Berettas are generally reliable and sturdy firearms, and after a quick checkup by a gunsmith, yours could probably be used for many more years. Finding magazines might be tricky, but Gun Parts Corp probably has some in stock.

The 70S models were fairly common in the late 80s/early 90s when I was getting interested in .22 pistols; I'd see them in shops and at gunshows pretty regularly. Not seen so much nowadays, but that just means that the folks that own them, like them and keep them. :mrgreen:


----------



## alasdair

Thank, DJ Niner! That is helpful! The frame is most definately made of steel, so I'm guessing the 70S. I saw online the mention of the "New Puma" which also looks similar, except for the grips.
You mentioned that it is a reliable gun with possibly many more years of service in it. It has some cosmetic issues currently and I'm wondering if it would be worth it it spend money and effort to resolve (needs new grips, as the current ones are cracked on one side t the rolled pin from apparently being improperly removed, the slide and barrel needs some polishing and the blueing is mostly flaked off. While I inherited this gun from my grandfather, he had no real attachment to it - so, I am also interested in the potential of sale.


----------



## mort

Hi, I have this exact gun. I bought it new in Italy on vacation in March of 1968. I lost the rear sight and would like to find anoriginal replacement part. Anyone know where to go? And I would like to know what it is worth. Thanks


----------



## dondavis3

I also own a Beretta 70S in .22










I've had this gun forever.

Anyone know what years they manufactured them?

They were used by Mossad - here's a good article about that.
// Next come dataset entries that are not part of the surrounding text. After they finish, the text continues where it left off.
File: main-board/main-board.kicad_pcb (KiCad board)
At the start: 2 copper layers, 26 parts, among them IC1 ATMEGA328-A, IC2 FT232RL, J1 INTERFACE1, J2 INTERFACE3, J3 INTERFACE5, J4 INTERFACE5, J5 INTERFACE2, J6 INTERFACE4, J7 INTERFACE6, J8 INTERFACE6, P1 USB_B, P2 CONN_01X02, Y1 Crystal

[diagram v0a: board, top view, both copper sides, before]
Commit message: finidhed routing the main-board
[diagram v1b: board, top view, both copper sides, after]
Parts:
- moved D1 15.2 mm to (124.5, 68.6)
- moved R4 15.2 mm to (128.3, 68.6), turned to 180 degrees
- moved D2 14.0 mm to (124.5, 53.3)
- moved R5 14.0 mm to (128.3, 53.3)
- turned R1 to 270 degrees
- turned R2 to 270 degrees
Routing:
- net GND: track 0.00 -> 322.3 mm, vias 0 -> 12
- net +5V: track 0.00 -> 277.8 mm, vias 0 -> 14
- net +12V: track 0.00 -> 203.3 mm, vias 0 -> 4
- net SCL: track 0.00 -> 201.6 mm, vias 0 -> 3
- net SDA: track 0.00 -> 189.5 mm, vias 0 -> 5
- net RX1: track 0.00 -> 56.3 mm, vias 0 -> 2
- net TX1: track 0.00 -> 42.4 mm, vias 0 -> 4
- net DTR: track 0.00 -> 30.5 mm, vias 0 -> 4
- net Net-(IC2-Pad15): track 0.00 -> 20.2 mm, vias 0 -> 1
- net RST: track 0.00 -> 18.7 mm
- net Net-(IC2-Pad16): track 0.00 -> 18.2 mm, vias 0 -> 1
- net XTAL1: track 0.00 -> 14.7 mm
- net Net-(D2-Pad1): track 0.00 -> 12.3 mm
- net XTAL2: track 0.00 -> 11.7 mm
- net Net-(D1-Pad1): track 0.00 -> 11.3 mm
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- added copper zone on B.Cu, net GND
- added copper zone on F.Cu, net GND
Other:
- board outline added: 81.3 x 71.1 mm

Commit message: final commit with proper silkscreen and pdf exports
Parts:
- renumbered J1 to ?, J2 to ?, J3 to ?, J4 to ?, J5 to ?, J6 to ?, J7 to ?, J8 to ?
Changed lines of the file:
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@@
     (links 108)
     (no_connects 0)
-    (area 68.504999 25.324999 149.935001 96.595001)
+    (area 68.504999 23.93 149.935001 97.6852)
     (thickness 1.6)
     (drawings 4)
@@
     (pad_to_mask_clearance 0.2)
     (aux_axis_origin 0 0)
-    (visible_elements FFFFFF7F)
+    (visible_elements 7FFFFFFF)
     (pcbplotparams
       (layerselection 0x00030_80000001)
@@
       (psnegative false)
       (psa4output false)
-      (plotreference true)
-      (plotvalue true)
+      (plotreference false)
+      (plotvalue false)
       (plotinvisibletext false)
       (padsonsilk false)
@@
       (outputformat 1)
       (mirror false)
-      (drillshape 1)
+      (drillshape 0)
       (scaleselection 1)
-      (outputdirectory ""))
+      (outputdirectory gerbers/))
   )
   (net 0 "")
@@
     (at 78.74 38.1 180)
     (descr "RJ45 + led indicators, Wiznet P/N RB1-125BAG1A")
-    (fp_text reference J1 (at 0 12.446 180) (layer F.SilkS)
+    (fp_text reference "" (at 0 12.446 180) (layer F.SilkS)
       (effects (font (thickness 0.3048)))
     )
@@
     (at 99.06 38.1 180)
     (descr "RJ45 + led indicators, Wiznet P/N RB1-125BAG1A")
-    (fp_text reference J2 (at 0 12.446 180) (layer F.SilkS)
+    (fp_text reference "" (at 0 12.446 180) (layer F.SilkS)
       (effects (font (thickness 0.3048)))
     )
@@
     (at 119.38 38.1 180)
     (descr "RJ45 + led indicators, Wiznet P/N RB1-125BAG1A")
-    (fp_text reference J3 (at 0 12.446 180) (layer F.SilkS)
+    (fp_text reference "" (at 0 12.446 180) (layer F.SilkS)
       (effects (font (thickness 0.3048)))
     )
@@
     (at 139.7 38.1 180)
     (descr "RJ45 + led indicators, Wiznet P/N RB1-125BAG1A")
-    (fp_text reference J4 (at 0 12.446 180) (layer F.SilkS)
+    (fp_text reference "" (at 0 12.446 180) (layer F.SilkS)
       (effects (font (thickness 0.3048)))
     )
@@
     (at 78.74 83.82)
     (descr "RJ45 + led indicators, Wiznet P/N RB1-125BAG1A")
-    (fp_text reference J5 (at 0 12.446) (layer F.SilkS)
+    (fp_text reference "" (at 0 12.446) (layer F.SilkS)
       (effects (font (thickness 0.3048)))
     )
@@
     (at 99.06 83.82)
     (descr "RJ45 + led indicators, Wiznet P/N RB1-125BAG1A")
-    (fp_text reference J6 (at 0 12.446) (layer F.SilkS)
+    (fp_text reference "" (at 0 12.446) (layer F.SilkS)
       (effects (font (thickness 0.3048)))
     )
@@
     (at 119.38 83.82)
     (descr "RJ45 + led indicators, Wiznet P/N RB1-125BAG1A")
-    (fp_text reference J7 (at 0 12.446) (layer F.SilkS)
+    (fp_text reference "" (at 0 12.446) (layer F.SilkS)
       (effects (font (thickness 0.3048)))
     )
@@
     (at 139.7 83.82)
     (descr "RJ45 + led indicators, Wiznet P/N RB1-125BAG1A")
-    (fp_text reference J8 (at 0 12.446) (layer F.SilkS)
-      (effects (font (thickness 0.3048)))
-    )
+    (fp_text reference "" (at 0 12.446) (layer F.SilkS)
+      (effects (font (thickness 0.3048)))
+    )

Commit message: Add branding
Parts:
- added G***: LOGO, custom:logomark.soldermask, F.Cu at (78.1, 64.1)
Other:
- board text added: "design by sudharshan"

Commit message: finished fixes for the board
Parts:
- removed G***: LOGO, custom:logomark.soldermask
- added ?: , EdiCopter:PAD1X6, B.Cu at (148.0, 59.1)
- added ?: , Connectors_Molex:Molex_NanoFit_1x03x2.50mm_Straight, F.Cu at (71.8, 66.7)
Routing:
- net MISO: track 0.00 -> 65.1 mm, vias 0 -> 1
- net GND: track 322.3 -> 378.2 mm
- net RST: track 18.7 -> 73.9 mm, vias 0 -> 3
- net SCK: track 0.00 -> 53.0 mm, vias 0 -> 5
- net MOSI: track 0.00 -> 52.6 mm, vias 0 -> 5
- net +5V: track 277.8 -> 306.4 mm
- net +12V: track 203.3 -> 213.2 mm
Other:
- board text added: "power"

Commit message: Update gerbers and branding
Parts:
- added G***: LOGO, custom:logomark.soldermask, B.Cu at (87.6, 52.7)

Tactical-Life.com » Israeli Mossad .22 LRS

Mine has always been a good / reliable gun.

:smt1099


----------



## sackitup

I am afraid you do not realize the value of this gun. There is one now on gunbroker.com and so far it has $625.00 on it. That will be around 700 in the mail if the bid does not go higher. The market today is in flux and this gun is a collector item.



dondavis3 said:


> I also own a Beretta 70S in .22
> 
> 
> 
> 
> 
> 
> 
> 
> 
> 
> I've had this gun forever.
> 
> Anyone know what years they manufactured them?
> 
> They were used by Mossad - here's a good article about that.
> 
> Tactical-Life.com » Israeli Mossad .22 LRS
> 
> Mine has always been a good / reliable gun.
> 
> :smt1099


----------